Gulping, Tom blinked again hard, but there was the blue still, a ragged crack under obsidian stone.

“I think I can see you.”

**

There was a shape. And it was blurry and fogged, but it was a shape and it was real. No matter how hard he blinked, he couldn’t get it to clear or sharpen. It was like looking through a misshapen keyhole, the shape seen through a dark outline, always shifting away. But maybe that was the flicked wave of blond hair, and lower still the fuzzy line of a round cheek. But everything was so hazy, frustratingly so, and he felt real tears threaten.

"I think I can see you,” he repeated, more for his benefit than Chris’s. He used his hands to feel more of the face he’d come to cherish, every nerve ending in his fingertips alight with the effort to memorize Chris so that when the moment finally came when he could see him properly he could tell himself that he knew the truth all along.  

"Can you really? Babe? Can you see? Even a little bit?

"It’s all blurry. And only out of a little crack, it seems.”

Chris laughed giddily, a sudden and lovely bark that had Tom grinning with him.

“I don’t know what to do with myself,” Chris admitted. “My face is burning.”

“Yours? Mine is!”

"No. You’re perfect. You’re beautiful. I love you.”

Tom’s breath caught, water gushing somewhere in another world, the tub filling steadily up their shins.

“You do?” He didn’t know it possible. No one had ever really said that to him before, and he always thought it a normal part of himself, to be distinctly unloved. Cared for, maybe. Felt affection for, perhaps. But loved?
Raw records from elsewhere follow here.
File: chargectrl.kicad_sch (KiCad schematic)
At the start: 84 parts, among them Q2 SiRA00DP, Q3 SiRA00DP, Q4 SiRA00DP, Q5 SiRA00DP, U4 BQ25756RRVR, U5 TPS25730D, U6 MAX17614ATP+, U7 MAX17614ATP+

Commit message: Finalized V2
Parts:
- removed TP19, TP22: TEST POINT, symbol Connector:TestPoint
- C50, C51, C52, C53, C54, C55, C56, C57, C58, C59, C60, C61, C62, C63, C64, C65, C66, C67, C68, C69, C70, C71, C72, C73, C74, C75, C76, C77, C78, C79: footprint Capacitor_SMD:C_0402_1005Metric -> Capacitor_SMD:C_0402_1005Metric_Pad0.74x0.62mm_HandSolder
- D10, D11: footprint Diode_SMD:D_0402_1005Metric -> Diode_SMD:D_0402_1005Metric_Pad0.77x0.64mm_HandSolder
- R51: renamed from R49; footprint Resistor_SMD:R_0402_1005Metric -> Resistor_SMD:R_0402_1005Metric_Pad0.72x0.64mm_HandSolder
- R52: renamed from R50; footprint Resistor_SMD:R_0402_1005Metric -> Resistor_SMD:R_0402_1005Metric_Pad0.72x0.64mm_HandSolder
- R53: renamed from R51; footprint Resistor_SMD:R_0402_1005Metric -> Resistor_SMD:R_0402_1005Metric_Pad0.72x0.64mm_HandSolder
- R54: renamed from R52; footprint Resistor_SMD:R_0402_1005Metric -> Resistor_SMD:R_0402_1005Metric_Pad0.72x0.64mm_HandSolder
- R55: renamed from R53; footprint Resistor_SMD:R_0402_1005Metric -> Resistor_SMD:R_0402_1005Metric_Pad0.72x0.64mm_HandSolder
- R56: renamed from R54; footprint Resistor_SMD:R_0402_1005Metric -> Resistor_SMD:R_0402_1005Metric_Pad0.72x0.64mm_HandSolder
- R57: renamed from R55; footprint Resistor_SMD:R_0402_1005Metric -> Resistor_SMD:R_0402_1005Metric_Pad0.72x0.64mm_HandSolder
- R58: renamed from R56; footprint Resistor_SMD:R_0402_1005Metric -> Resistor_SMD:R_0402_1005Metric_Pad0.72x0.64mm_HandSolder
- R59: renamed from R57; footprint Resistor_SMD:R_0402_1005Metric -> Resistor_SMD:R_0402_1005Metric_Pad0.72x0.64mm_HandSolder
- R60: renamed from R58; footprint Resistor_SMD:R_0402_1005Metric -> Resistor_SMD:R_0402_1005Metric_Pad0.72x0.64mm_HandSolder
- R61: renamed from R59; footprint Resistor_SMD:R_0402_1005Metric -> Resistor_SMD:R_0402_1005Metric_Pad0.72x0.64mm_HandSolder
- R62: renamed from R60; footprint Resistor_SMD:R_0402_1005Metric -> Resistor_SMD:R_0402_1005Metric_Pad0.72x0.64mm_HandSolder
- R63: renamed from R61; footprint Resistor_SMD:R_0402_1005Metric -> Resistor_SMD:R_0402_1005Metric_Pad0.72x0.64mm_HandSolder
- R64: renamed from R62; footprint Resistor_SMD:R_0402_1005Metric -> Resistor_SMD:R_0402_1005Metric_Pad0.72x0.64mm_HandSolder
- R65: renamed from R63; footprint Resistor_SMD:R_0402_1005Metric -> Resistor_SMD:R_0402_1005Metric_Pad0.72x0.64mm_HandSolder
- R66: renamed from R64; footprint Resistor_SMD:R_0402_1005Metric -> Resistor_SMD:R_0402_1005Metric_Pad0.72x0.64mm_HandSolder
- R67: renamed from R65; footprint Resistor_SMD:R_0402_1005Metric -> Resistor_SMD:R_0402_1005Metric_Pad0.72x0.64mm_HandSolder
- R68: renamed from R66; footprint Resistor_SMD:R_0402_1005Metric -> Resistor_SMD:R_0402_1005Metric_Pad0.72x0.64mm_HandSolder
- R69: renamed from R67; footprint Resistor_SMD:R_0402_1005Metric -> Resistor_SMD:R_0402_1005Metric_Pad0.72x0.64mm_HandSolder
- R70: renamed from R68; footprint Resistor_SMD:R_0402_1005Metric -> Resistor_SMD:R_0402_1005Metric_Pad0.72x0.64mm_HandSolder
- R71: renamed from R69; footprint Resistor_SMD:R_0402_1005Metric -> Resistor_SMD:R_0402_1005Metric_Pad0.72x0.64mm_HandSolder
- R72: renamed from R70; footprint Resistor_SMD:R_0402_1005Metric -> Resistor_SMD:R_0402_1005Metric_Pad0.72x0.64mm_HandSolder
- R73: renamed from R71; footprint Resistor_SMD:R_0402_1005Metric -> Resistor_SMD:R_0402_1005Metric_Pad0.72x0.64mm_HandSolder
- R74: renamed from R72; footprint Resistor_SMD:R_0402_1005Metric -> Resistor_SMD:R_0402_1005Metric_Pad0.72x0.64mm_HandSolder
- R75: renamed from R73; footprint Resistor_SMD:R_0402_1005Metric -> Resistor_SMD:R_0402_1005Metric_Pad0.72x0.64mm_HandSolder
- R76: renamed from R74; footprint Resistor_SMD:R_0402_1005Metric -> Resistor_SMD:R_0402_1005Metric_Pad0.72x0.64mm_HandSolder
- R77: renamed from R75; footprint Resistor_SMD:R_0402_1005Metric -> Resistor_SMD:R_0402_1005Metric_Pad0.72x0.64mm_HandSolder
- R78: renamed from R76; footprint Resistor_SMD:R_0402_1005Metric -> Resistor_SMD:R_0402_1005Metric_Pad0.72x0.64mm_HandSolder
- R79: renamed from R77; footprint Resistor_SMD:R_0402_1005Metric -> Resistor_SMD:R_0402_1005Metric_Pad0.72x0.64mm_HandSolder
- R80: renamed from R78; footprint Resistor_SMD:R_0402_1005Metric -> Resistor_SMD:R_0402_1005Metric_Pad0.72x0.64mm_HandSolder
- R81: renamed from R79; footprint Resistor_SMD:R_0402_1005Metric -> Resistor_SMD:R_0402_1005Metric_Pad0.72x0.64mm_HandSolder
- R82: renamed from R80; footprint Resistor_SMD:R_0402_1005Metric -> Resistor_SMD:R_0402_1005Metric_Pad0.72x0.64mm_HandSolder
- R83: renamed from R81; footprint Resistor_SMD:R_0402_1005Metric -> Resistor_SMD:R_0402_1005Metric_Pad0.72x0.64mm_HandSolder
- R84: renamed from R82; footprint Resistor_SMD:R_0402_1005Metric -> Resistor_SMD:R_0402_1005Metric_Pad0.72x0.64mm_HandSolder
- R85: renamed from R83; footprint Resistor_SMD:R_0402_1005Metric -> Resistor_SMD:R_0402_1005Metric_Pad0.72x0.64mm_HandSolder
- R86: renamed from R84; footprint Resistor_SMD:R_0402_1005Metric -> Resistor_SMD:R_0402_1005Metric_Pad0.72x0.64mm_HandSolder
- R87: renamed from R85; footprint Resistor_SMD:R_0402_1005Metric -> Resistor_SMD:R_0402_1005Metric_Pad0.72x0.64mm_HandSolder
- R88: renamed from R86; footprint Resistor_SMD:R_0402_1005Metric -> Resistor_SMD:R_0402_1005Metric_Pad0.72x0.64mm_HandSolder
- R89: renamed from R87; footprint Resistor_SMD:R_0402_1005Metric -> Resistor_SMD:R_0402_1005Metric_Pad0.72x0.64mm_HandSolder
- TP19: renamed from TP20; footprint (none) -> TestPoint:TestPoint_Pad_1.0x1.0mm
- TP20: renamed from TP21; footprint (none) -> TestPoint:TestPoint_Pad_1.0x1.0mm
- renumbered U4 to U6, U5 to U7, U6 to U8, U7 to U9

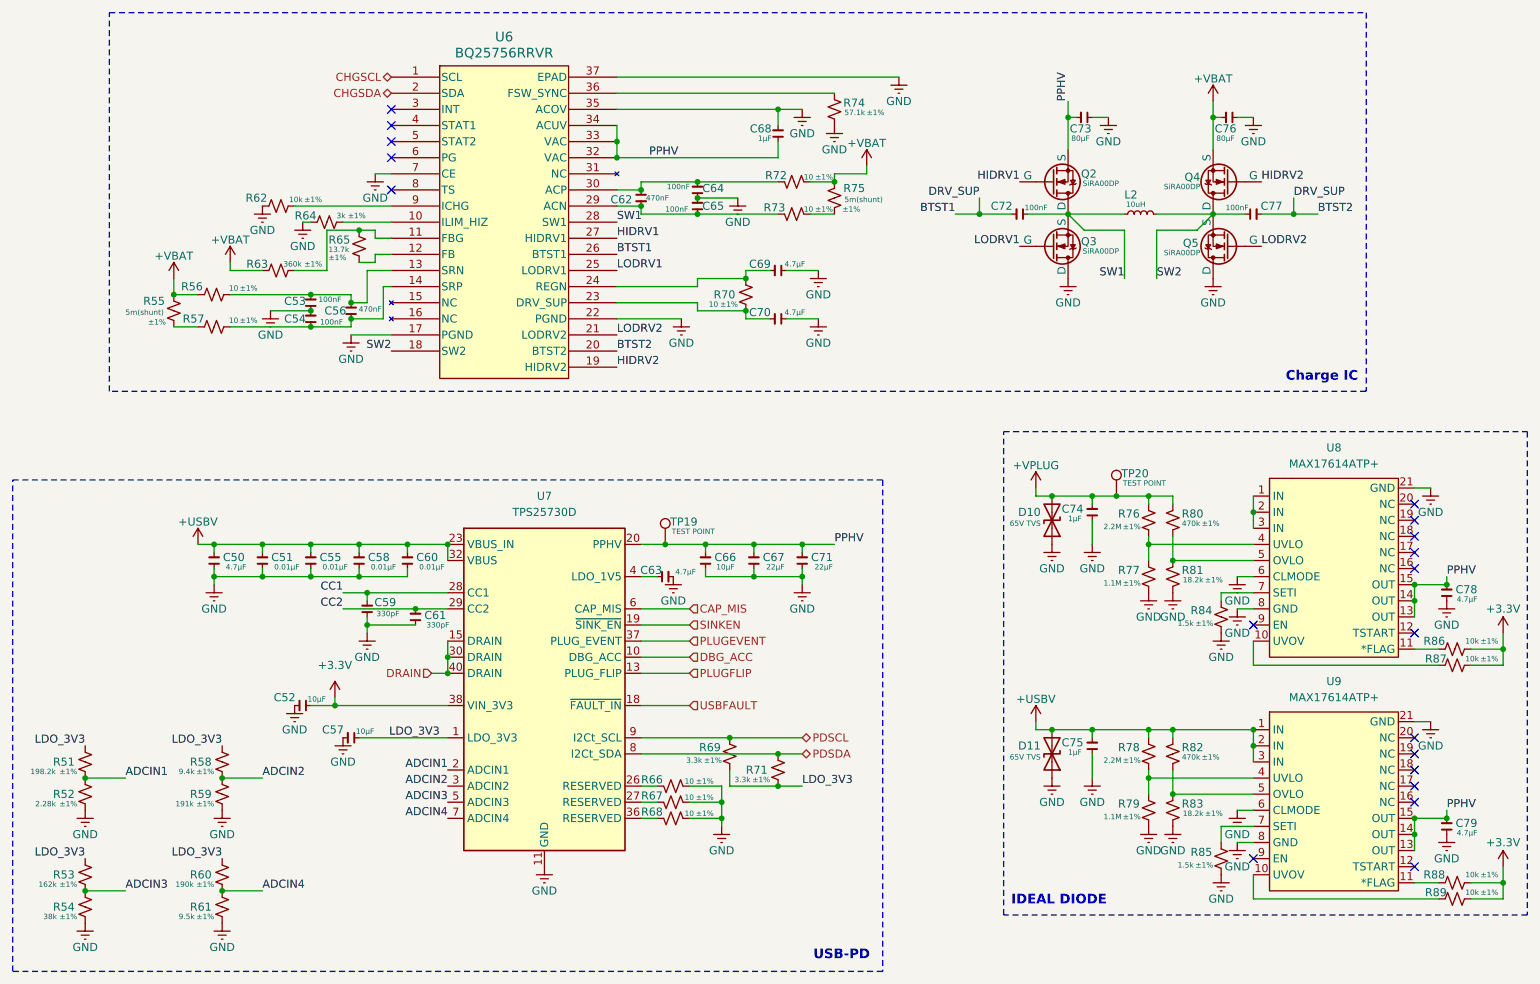
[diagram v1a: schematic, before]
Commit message: Fixed Ideal Diodes
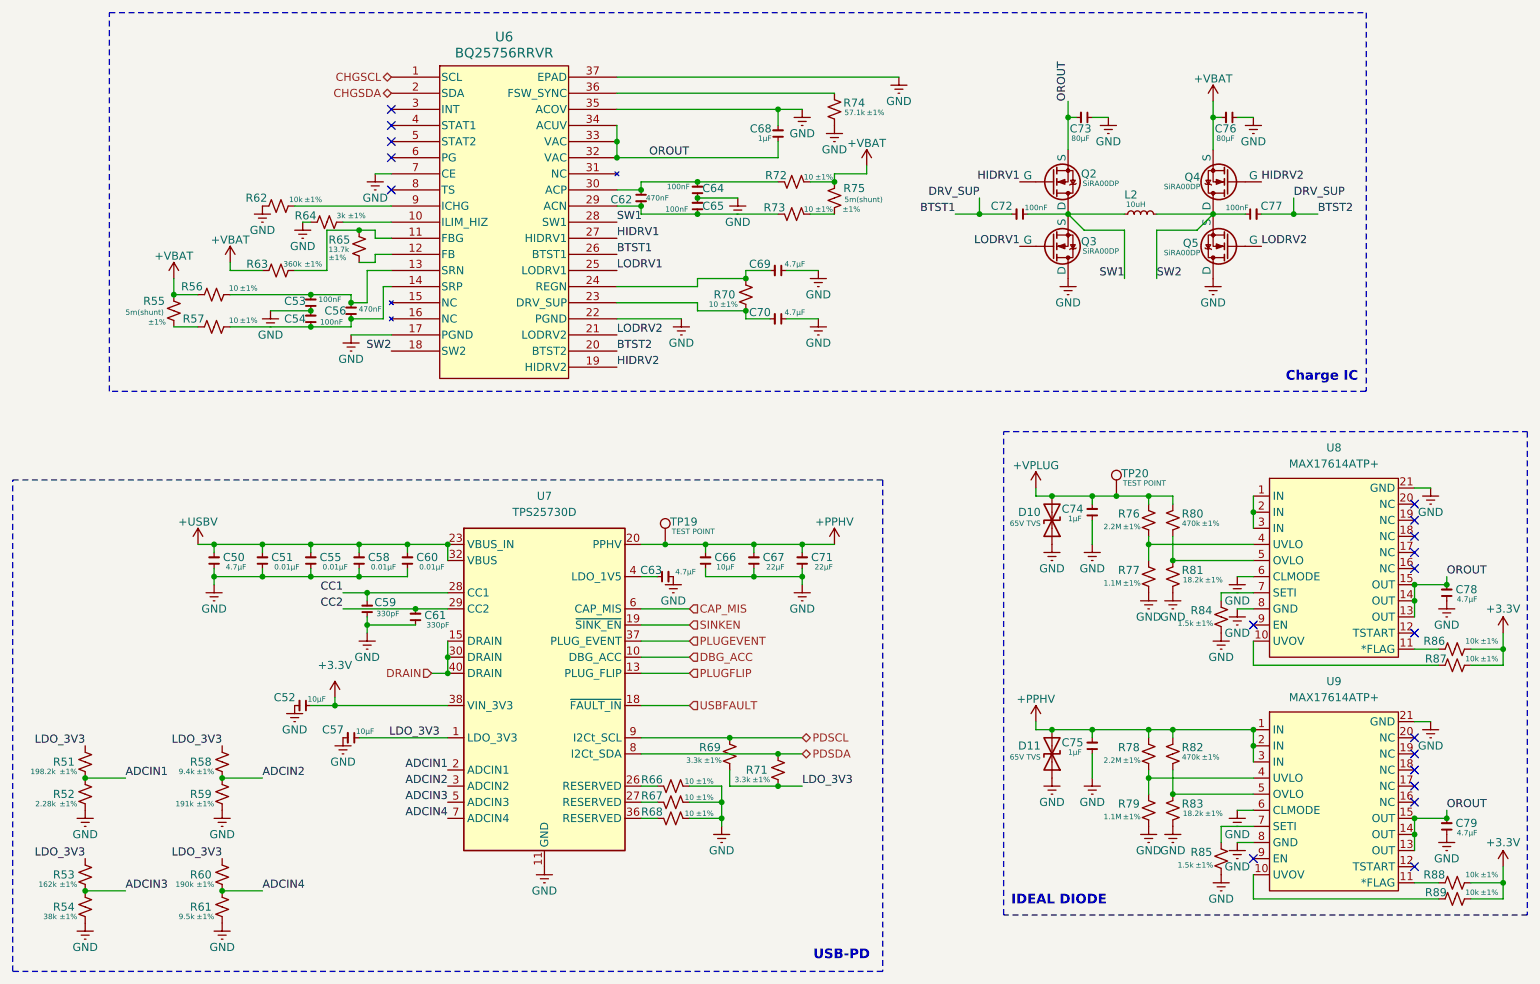
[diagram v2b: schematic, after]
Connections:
- net +USBV: no longer C75.2, D11.2 (A2), R78.1, R82.1, U9.1 (IN), U9.2 (IN), U9.3 (IN)
- net PPHV renamed OROUT
- net OROUT: no longer C66.2, C67.2, C71.2, TP19.1, U7.20 (PPHV)
- new net +PPHV: C66.2, C67.2, C71.2, C75.2, D11.2 (A2), R78.1, R82.1, TP19.1, U7.20 (PPHV), U9.1 (IN), U9.2 (IN), U9.3 (IN)
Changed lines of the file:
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@@
 		)
 	)
-	(label "PPHV"
+	(label "OROUT"
 		(at 118.11 44.45 0)
 		(effects
@@
 		)
 	)
-	(label "PPHV"
+	(label "OROUT"
 		(at 184.15 35.56 90)
 		(effects
@@
 		)
 	)
-	(label "PPHV"
+	(label "OROUT"
 		(at 243.84 147.32 0)
 		(effects
@@
 		)
 	)
-	(label "PPHV"
+	(label "OROUT"
 		(at 243.84 110.49 0)
 		(effects
@@
 		)
 	)
-	(label "PPHV"
-		(at 147.32 105.41 0)
-		(effects
-			(font
-				(size 1.27 1.27)
-				(thickness 0.1588)
-			)
-			(justify left bottom)
-		)
-	)
 	(label "DRV_SUP"
 		(at 170.18 50.8 180)
@@
 			)
 		)
-		(property "Value" "+USBV"
+		(property "Value" "+PPHV"
 			(at 179.07 129.794 0)
 			(effects
@@
 					(unit 1)
 				)
+			)
+		)
+	)
+	(symbol
+		(lib_id "power:+5V")
+		(at 147.32 105.41 0)
+		(unit 1)
+		(exclude_from_sim no)
+		(in_bom yes)
+		(on_board yes)
+		(dnp no)
+		(property "Reference" "#PWR0114"
+			(at 147.32 109.22 0)
+			(effects
+				(font
+					(size 1.27 1.27)
+				)
+				(hide yes)
+			)
+		)
+		(property "Value" "+PPHV"
+			(at 147.32 101.854 0)
+			(effects
+				(font
+					(size 1.27 1.27)
+				)
+			)
+		)
+		(property "Footprint" ""
+			(at 147.32 105.41 0)
+			(effects
+				(font
+					(size 1.27 1.27)
+				)
+				(hide yes)
+			)
+		)
+		(property "Datasheet" ""
+			(at 147.32 105.41 0)
+			(effects
+				(font
+					(size 1.27 1.27)
+				)
+				(hide yes)
+			)
+		)
+		(property "Description" "Power symbol creates a global label with name \"+5V\""
+			(at 147.32 105.41 0)
+			(effects
+				(font
+					(size 1.27 1.27)
+				)
+				(hide yes)
+			)
+		)
+		(pin "1"
+		)
+		(instances
+			(project "bms"
+				(path "/25bab91c-a0ce-4d39-aca4-3409cb6c9cc9/9fe912d2-630d-4776-83ae-5a5308a5b203"
+					(reference "#PWR0114")
+					(unit 1)
+				)

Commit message: EM-BMS1
good to order!
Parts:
- C50, C63, C69, C70, C78, C79: value 4.7µF -> 4.7uF
- C52, C57, C66: value 10µF -> 10uF
- C67, C71: value 22µF -> 22uF
- C73, C76: value 80µF -> 80uF
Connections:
- net DBG_ACC: no longer names the net of U7.10 (DBG_ACC)
- no-connect marks 19 -> 20
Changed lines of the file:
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@@
 	)
 	(no_connect
+		(at 116.84 123.19)
+	)
+	(no_connect
 		(at 238.76 140.97)
 	)
@@
 	(wire
 		(pts
-			(xy 124.46 123.19) (xy 116.84 123.19)
-		)
-		(stroke
-			(width 0)
-			(type default)
-		)
-	)
-	(wire
-		(pts
 			(xy 113.03 39.37) (xy 113.03 41.91)
 		)
@@
 		)
 	)
-	(hierarchical_label "DBG_ACC"
-		(shape input)
-		(at 124.46 123.19 0)
-		(effects
-			(font
-				(size 1.27 1.27)
-			)
-			(justify left)
-		)
-	)
 	(symbol
 		(lib_name "C_Small_1")
@@
 			)
 		)
-		(property "Value" "4.7µF"
+		(property "Value" "4.7uF"
 			(at 139.446 68.834 90)
 			(effects
@@
 			)
 		)
-		(property "Value" "4.7µF"
+		(property "Value" "4.7uF"
 			(at 125.476 109.728 90)
 			(effects
@@
 			)
 		)
-		(property "Value" "4.7µF"
+		(property "Value" "4.7uF"
 			(at 248.666 150.876 0)
 			(effects
@@
 			)
 		)
-		(property "Value" "22µF"
+		(property "Value" "22uF"
 			(at 147.066 108.966 0)
 			(effects
@@
 			)
 		)
-		(property "Value" "22µF"
+		(property "Value" "22uF"
 			(at 139.446 108.966 0)
 			(effects
@@
 			)
 		)
-		(property "Value" "4.7µF"
+		(property "Value" "4.7uF"
 			(at 54.61 108.966 0)
 			(effects
@@
 			)
 		)
-		(property "Value" "10µF"
+		(property "Value" "10uF"
 			(at 131.572 108.966 0)
 			(effects
@@
 			)
 		)
-		(property "Value" "4.7µF"
+		(property "Value" "4.7uF"
 			(at 248.666 114.046 0)
 			(effects
@@
 			)
 		)
-		(property "Value" "10µF"
+		(property "Value" "10uF"
 			(at 71.882 134.874 90)
 			(effects
@@
 			)
 		)
-		(property "Value" "4.7µF"
+		(property "Value" "4.7uF"
 			(at 139.446 61.214 90)
 			(effects
@@
 			)
 		)
-		(property "Value" "80µF"
+		(property "Value" "80uF"
 			(at 184.658 41.402 90)
 			(effects
@@
 			)
 		)
-		(property "Value" "10µF"
+		(property "Value" "10uF"
 			(at 64.262 129.794 90)
 			(effects
@@
 			)
 		)
-		(property "Value" "80µF"
+		(property "Value" "80uF"
 			(at 207.518 41.402 90)
 			(effects

“I do,” Chris said, taking his elbows and drawing him closer. “I love you. I hope it’s okay that I do.”

“It is,” Tom gasped, smiling. Actual tears of heartfelt emotion slipped down his cheeks and he laughed, jumping forward to hug Chris round the neck. “Oh, it is, my darling. _Love_ me. Love me, my sweetheart.”

Chris groaned and grabbed his jaw roughly, tilting his head up. The shape loomed closer, tanned skin against the white backdrop of his bathroom, and then lips were rasping over his own. His mouth yielded to Chris, and he opened for the push of tongue, moaning as they grasped at each other with arms and fingers and the bump of knees. But then Chris wrapped him tight against his chest and lifted him bodily, water cascading down Tom’s bare feet, airborne.

He gasped and cleaved to Chris, hanging on like the bride he always wished he could be, lips at Chris’s cheek to kiss and whisper and breathe on him there. Through his limited sight and the crack over his pupil, the room spun as Chris turned on a heel and headed to the bedroom. Straight to the bed, a repeat of their last venture in the bathtub, he was laid gently on his back, a warm, solid weight on him immediately after.

They grappled for a moment, both situating themselves, legs opening, hips dropping, chest to chest relief. Chris brushed his lips across Tom’s cheekbone, dragging hot mouth and scrape of teeth to Tom’s lips for a deep, quick kiss, a jolt like prism light. And then he was shifting to his other cheek, moaning at Tom’s quiet inhale, heat stirring between them.

“Oh, yes. Chris, darling. Take this off. All of it.” He tugged at Chris’s shirt, woefully aware that Chris was even still wearing his shoes. But like a bumbling puppy, Chris hurriedly agreed and slid off Tom, who leaned up on his elbows to try and see everything.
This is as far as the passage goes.